◆ **EXERCISE DIRECTIONS**
Copy each line below exactly as it appears. Pictures are to be omitted.

◆ **EXERCISE MATERIALS**
=== Begin Enclosure ===

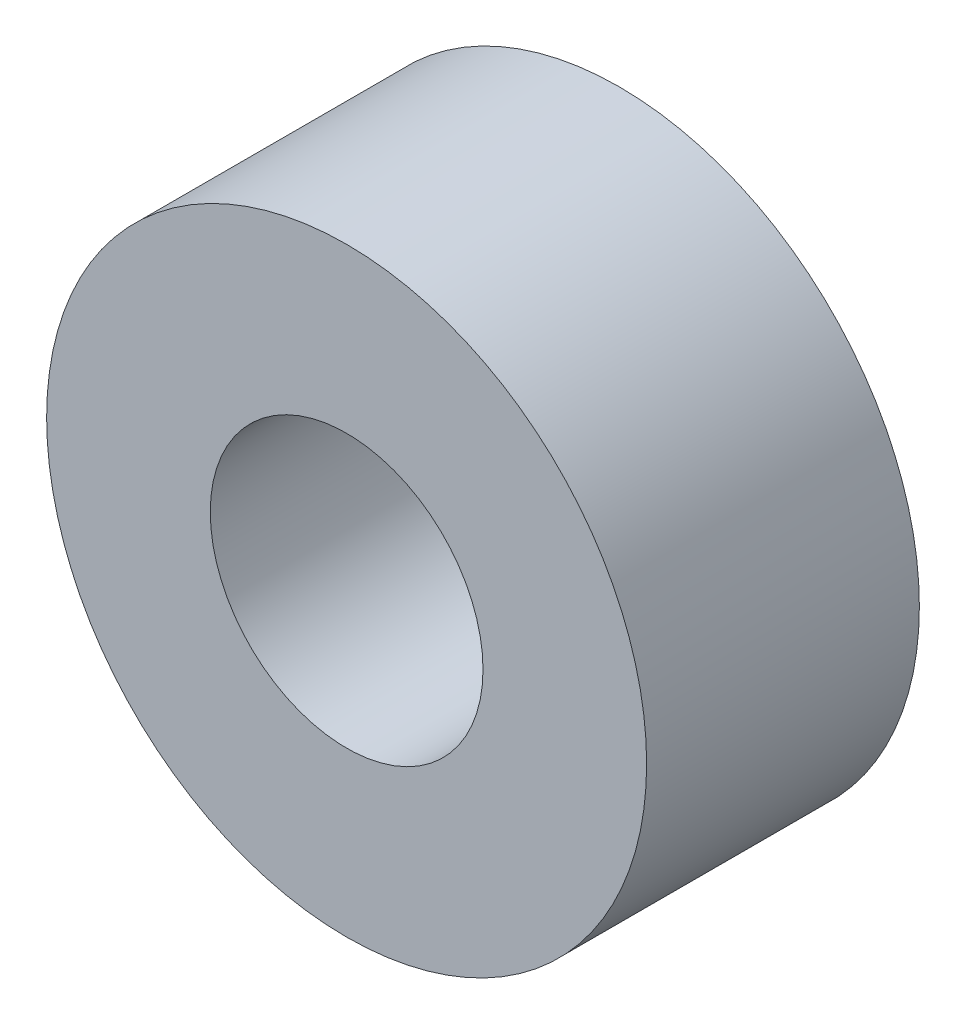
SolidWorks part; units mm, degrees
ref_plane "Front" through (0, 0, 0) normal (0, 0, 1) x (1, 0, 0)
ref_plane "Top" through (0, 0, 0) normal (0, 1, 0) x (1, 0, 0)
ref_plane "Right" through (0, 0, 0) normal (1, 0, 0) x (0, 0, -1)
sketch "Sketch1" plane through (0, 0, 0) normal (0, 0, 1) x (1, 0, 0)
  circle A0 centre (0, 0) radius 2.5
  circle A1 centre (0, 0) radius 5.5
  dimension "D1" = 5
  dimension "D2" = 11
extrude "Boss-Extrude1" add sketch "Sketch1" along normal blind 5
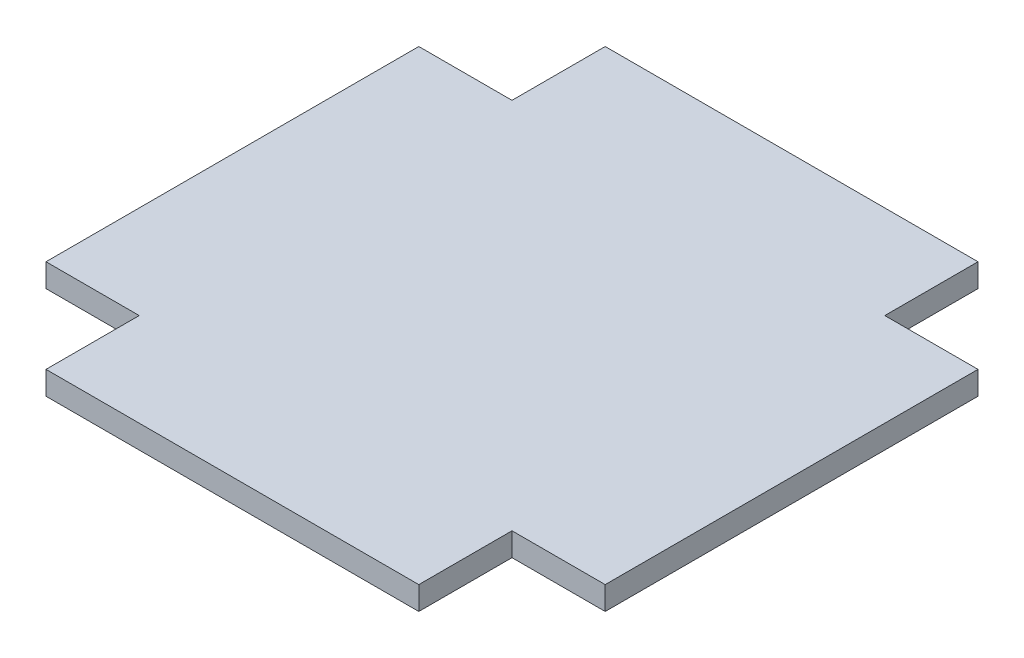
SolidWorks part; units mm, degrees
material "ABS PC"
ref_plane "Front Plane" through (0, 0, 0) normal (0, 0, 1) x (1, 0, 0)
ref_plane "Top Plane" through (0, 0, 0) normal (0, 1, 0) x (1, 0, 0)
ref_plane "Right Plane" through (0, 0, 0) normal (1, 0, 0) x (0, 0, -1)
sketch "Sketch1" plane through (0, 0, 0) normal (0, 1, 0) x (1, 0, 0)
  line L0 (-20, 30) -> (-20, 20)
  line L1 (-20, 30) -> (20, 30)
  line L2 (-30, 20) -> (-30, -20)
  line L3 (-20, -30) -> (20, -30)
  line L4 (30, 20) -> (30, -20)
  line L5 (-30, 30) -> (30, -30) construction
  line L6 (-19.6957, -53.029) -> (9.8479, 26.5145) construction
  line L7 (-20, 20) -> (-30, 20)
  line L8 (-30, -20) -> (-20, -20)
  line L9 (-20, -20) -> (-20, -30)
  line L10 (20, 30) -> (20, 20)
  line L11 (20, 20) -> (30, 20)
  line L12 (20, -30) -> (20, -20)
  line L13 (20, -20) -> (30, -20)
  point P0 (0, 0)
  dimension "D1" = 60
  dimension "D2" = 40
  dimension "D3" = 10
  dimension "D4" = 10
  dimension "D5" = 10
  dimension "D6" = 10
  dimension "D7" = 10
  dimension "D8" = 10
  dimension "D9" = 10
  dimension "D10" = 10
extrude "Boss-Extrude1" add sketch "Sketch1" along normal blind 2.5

=== End Enclosure ===

◆ **TASK RESULT**
SolidWorks part; units mm, degrees
ref_plane "Front" through (0, 0, 0) normal (0, 0, 1) x (1, 0, 0)
ref_plane "Top" through (0, 0, 0) normal (0, 1, 0) x (1, 0, 0)
ref_plane "Right" through (0, 0, 0) normal (1, 0, 0) x (0, 0, -1)
sketch "Sketch1" plane through (0, 0, 0) normal (0, 0, 1) x (1, 0, 0)
  circle A0 centre (0, 0) radius 2.5
  circle A1 centre (0, 0) radius 5.5
  dimension "D1" = 5
  dimension "D2" = 11
extrude "Boss-Extrude1" add sketch "Sketch1" along normal blind 5
SolidWorks part; units mm, degrees
material "ABS PC"
ref_plane "Front Plane" through (0, 0, 0) normal (0, 0, 1) x (1, 0, 0)
ref_plane "Top Plane" through (0, 0, 0) normal (0, 1, 0) x (1, 0, 0)
ref_plane "Right Plane" through (0, 0, 0) normal (1, 0, 0) x (0, 0, -1)
sketch "Sketch1" plane through (0, 0, 0) normal (0, 1, 0) x (1, 0, 0)
  line L0 (-20, 30) -> (-20, 20)
  line L1 (-20, 30) -> (20, 30)
  line L2 (-30, 20) -> (-30, -20)
  line L3 (-20, -30) -> (20, -30)
  line L4 (30, 20) -> (30, -20)
  line L5 (-30, 30) -> (30, -30) construction
  line L6 (-19.6957, -53.029) -> (9.8479, 26.5145) construction
  line L7 (-20, 20) -> (-30, 20)
  line L8 (-30, -20) -> (-20, -20)
  line L9 (-20, -20) -> (-20, -30)
  line L10 (20, 30) -> (20, 20)
  line L11 (20, 20) -> (30, 20)
  line L12 (20, -30) -> (20, -20)
  line L13 (20, -20) -> (30, -20)
  point P0 (0, 0)
  dimension "D1" = 60
  dimension "D2" = 40
  dimension "D3" = 10
  dimension "D4" = 10
  dimension "D5" = 10
  dimension "D6" = 10
  dimension "D7" = 10
  dimension "D8" = 10
  dimension "D9" = 10
  dimension "D10" = 10
extrude "Boss-Extrude1" add sketch "Sketch1" along normal blind 2.5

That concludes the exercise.